Create multiple new columns for pandas dataframe with apply + fu

ghz 12hours ago ⋅ 3 views

Create multiple new columns for pandas dataframe with apply + function

I have a pandas dataframe df of the following shape: (763, 65)

I use the following code to create 4 new columns:

df[['col1', 'col2', 'col3','col4']] = df.apply(myFunc, axis=1)

def myFunc(row):
    #code to get some result from another dataframe
    return result1, result2, result3, result4

The shape of the dataframe which is returned in myFunc is (1, 4). The code runs into the following error:

ValueError: Shape of passed values is (763, 4), indices imply (763, 65)

I know that df has 65 columns and that the returned data from myFunc only has 4 columns. However, I only want to create the 4 new columns (that is, col1, col2, etc.), so in my opinion the code is correct when it only returns 4 columns in myFunc. What am I doing wrong?

Answer

The error you're encountering happens because you're using apply() incorrectly when attempting to assign the result to the new columns col1, col2, col3, and col4. The issue stems from the fact that df.apply() returns a Series or DataFrame for each row, but it tries to align the result with the entire DataFrame.

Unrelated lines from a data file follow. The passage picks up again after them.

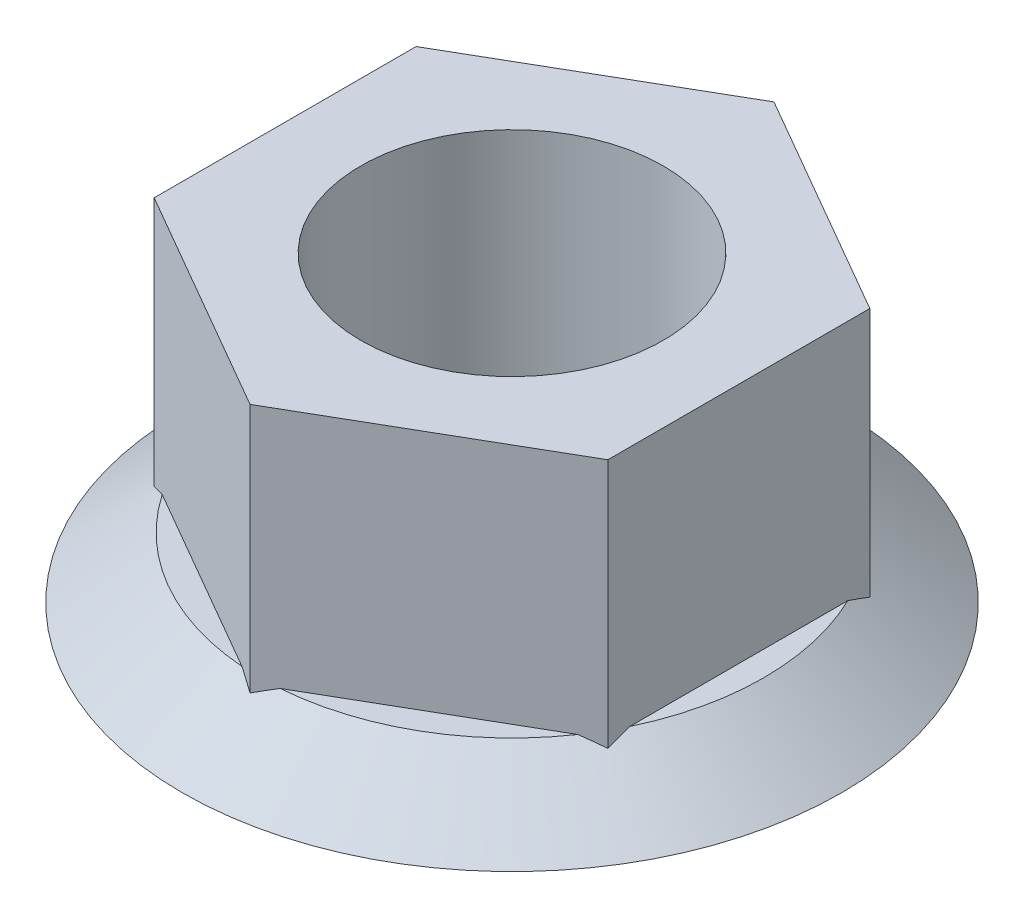
SolidWorks part; units mm, degrees
ref_plane "Płaszczyzna przednia" through (0, 0, 0) normal (0, 0, 1) x (1, 0, 0)
ref_plane "Płaszczyzna górna" through (0, 0, 0) normal (0, 1, 0) x (1, 0, 0)
ref_plane "Płaszczyzna prawa" through (0, 0, 0) normal (1, 0, 0) x (0, 0, -1)
sketch "Szkic1" plane through (0, 0, 0) normal (0, 0, 1) x (1, 0, 0)
  line L0 (5, 0) -> (5, 2)
  line L1 (5, 2) -> (8.32, 2)
  line L2 (8.32, 2) -> (10.9, 0)
  line L3 (10.9, 0) -> (5, 0)
  line L4 (0, 0) -> (0, 48.4102) construction
  dimension "D1" = 5
  dimension "D2" = 10.9
  dimension "D3" = 2
  dimension "D4" = 8.32
revolve "Obrót1" add sketch "Szkic1" angle 360 about L4
sketch "Szkic2" plane through (0, 2, 0) normal (0, 1, 0) x (1, 0, 0)
  line L1 (0, 8.6603) -> (-7.5, 4.3301)
  line L2 (-7.5, 4.3301) -> (-7.5, -4.3301)
  line L3 (-7.5, -4.3301) -> (0, -8.6603)
  line L4 (0, -8.6603) -> (7.5, -4.3301)
  line L5 (7.5, -4.3301) -> (7.5, 4.3301)
  line L6 (7.5, 4.3301) -> (0, 8.6603)
  circle A0 centre (0, 0) radius 7.5 construction
  circle A1 centre (0, 0) radius 5
  dimension "D1" = 15
extrude "Dodanie-wyciągnięcie1" add sketch "Szkic2" along normal blind 10 from surface at -2 starting at face at (0, 0, -10.9)
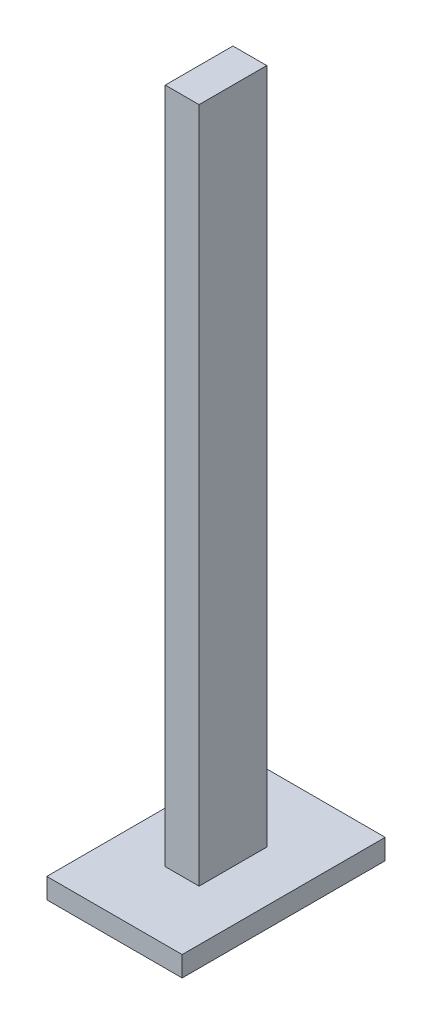
SolidWorks part; units mm, degrees
ref_plane "Front Plane" through (0, 0, 0) normal (0, 0, 1) x (1, 0, 0)
ref_plane "Top Plane" through (0, 0, 0) normal (0, 1, 0) x (1, 0, 0)
ref_plane "Right Plane" through (0, 0, 0) normal (1, 0, 0) x (0, 0, -1)
sketch "Sketch1" plane through (0, 0, 0) normal (0, 1, 0) x (1, 0, 0)
  line L1 (-25.4, -38.1) -> (25.4, -38.1)
  line L2 (-25.4, -38.1) -> (-25.4, 38.1)
  line L3 (-25.4, 38.1) -> (25.4, 38.1)
  line L4 (25.4, -38.1) -> (25.4, 38.1)
  line L5 (-25.4, -38.1) -> (25.4, 38.1) construction
  line L6 (-25.4, 38.1) -> (25.4, -38.1) construction
  point P0 (0, 0)
  dimension "D1" = 76.2
  dimension "D2" = 50.8
extrude "Boss-Extrude1" add sketch "Sketch1" along normal blind 7.62
sketch "Sketch2" plane through (0, 7.62, 0) normal (0, 1, 0) x (1, 0, 0)
  line L1 (-6.35, -12.7) -> (6.35, -12.7)
  line L2 (-6.35, -12.7) -> (-6.35, 12.7)
  line L3 (-6.35, 12.7) -> (6.35, 12.7)
  line L4 (6.35, -12.7) -> (6.35, 12.7)
  line L5 (-6.35, -12.7) -> (6.35, 12.7) construction
  line L6 (-6.35, 12.7) -> (6.35, -12.7) construction
  point P0 (0, 0)
  dimension "D1" = 25.4
  dimension "D2" = 12.7
extrude "Boss-Extrude2" add sketch "Sketch2" along normal blind 254
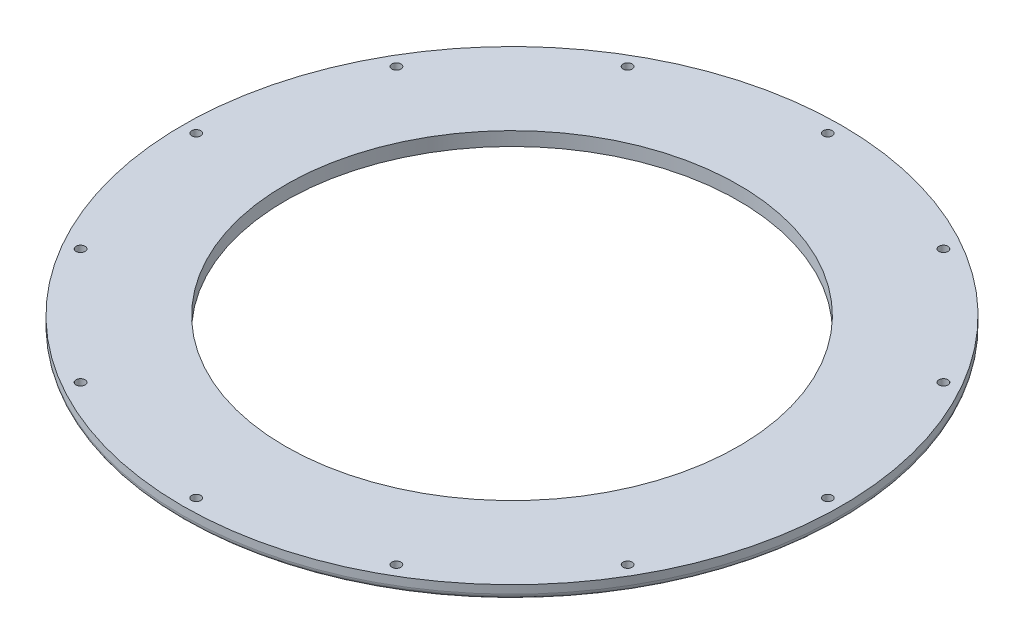
SolidWorks part; units mm, degrees
ref_plane "前视基准面" through (0, 0, 0) normal (0, 0, 1) x (1, 0, 0)
ref_plane "上视基准面" through (0, 0, 0) normal (0, 1, 0) x (1, 0, 0)
ref_plane "右视基准面" through (0, 0, 0) normal (1, 0, 0) x (0, 0, -1)
other "Configuration Table"
sketch "草图1" plane through (0, 0, 0) normal (0, 1, 0) x (1, 0, 0)
  circle A0 centre (0, 0) radius 120
  circle A1 centre (0, 0) radius 82.5
  dimension "D1" = 240
  dimension "D2" = 165
extrude "凸台-拉伸1" add sketch "草图1" along normal blind 5
fillet "圆角1" radius 2 1 edges at (0, 0, 120)
sketch "草图2" plane through (0, 0, 0) normal (0, -1, 0) x (-1, 0, 0)
  circle A0 centre (0, 0) radius 115 construction
  circle A1 centre (0, -115) radius 1.65
  circle A2 centre (-57.5, -99.5929) radius 1.65
  circle A3 centre (-99.5929, -57.5) radius 1.65
  circle A4 centre (-115, 0) radius 1.65
  circle A5 centre (-99.5929, 57.5) radius 1.65
  circle A6 centre (-57.5, 99.5929) radius 1.65
  circle A7 centre (0, 115) radius 1.65
  circle A8 centre (57.5, 99.5929) radius 1.65
  circle A9 centre (99.5929, 57.5) radius 1.65
  circle A10 centre (115, 0) radius 1.65
  circle A11 centre (99.5929, -57.5) radius 1.65
  circle A12 centre (57.5, -99.5929) radius 1.65
  point P30 (0, 0)
  dimension "D1" = 3.3
  dimension "D2" = 12
extrude "切除-拉伸1" cut sketch "草图2" against normal blind 8
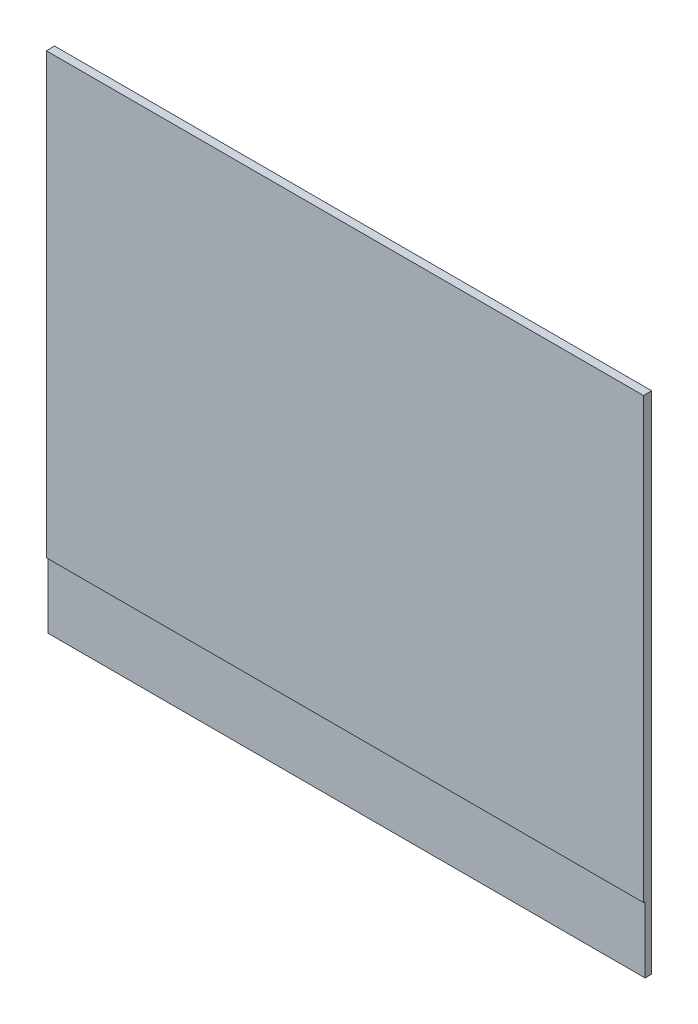
SolidWorks part; units mm, degrees
ref_plane "Plan de face" through (0, 0, 0) normal (0, 0, 1) x (1, 0, 0)
ref_plane "Plan de dessus" through (0, 0, 0) normal (0, 1, 0) x (1, 0, 0)
ref_plane "Plan de droite" through (0, 0, 0) normal (1, 0, 0) x (0, 0, -1)
sketch "Esquisse1" plane through (0, 0, 0) normal (0, 0, 1) x (1, 0, 0)
  line L1 (0, 0) -> (91, 0)
  line L2 (0, 0) -> (0, 77)
  line L3 (0, 77) -> (91, 77)
  line L4 (91, 0) -> (91, 77)
  dimension "D1" = 91
  dimension "D2" = 77
extrude "Boss.-Extru.1" add sketch "Esquisse1" along normal blind 1.25
sketch "Esquisse2" plane through (0, 0, 1.25) normal (0, 0, 1) x (1, 0, 0)
  line L0 (91, 0) -> (91, 77) construction
  line L1 (0, 0) -> (91, 0)
  line L2 (0, 0) -> (0, 10.0887)
  line L3 (0, 10.0887) -> (91, 10.0887)
  line L4 (91, 0) -> (91, 10.0887)
extrude "Enlèv. mat.-Extru.1" cut sketch "Esquisse2" against normal blind 0.25

To fix this, you need to make sure that df.apply() returns a DataFrame with the exact shape that you expect, i.e., with 4 columns (the new columns you're creating). Here's how to resolve the problem:

Correct Approach:

You should ensure that the function myFunc() returns a tuple or a list with 4 values for each row, which will then be expanded into the 4 columns. You can either return the tuple or a pandas Series object in myFunc(). This allows the result of the apply() method to be correctly assigned to the new columns.

Solution:

import pandas as pd

# Sample DataFrame with shape (763, 65)
df = pd.DataFrame([[i] * 65 for i in range(763)], columns=[f"col{i}" for i in range(65)])

# Define your function to return a tuple of 4 values
def myFunc(row):
    # Assuming you are doing some operations and returning 4 values
    result1 = row[0] * 2  # Replace with actual logic
    result2 = row[1] * 3  # Replace with actual logic
    result3 = row[2] * 4  # Replace with actual logic
    result4 = row[3] * 5  # Replace with actual logic
    return result1, result2, result3, result4

# Apply the function to each row and assign the result to the new columns
df[['col1', 'col2', 'col3', 'col4']] = df.apply(lambda row: pd.Series(myFunc(row)), axis=1)

# Check the result
print(df.head())

Explanation:

  1. myFunc(row): This function takes a row from the DataFrame and returns a tuple of 4 values, which you want to assign to the new columns col1, col2, col3, and col4.

  2. df.apply(): We use df.apply(lambda row: pd.Series(myFunc(row)), axis=1) to apply myFunc() to each row. The result of myFunc(row) is wrapped in a pd.Series() so that apply() can properly expand it into separate columns for each row.

    • The axis=1 argument tells apply() to operate row-wise (i.e., apply myFunc() to each row).
    • The result from myFunc(row) (which is a tuple) is converted into a pandas Series object so that it can be correctly assigned to multiple columns.
  3. Assigning to new columns: The output of df.apply() is a DataFrame with 4 columns, which is assigned to df[['col1', 'col2', 'col3', 'col4']].

This should resolve the ValueError and correctly add the 4 new columns to your DataFrame.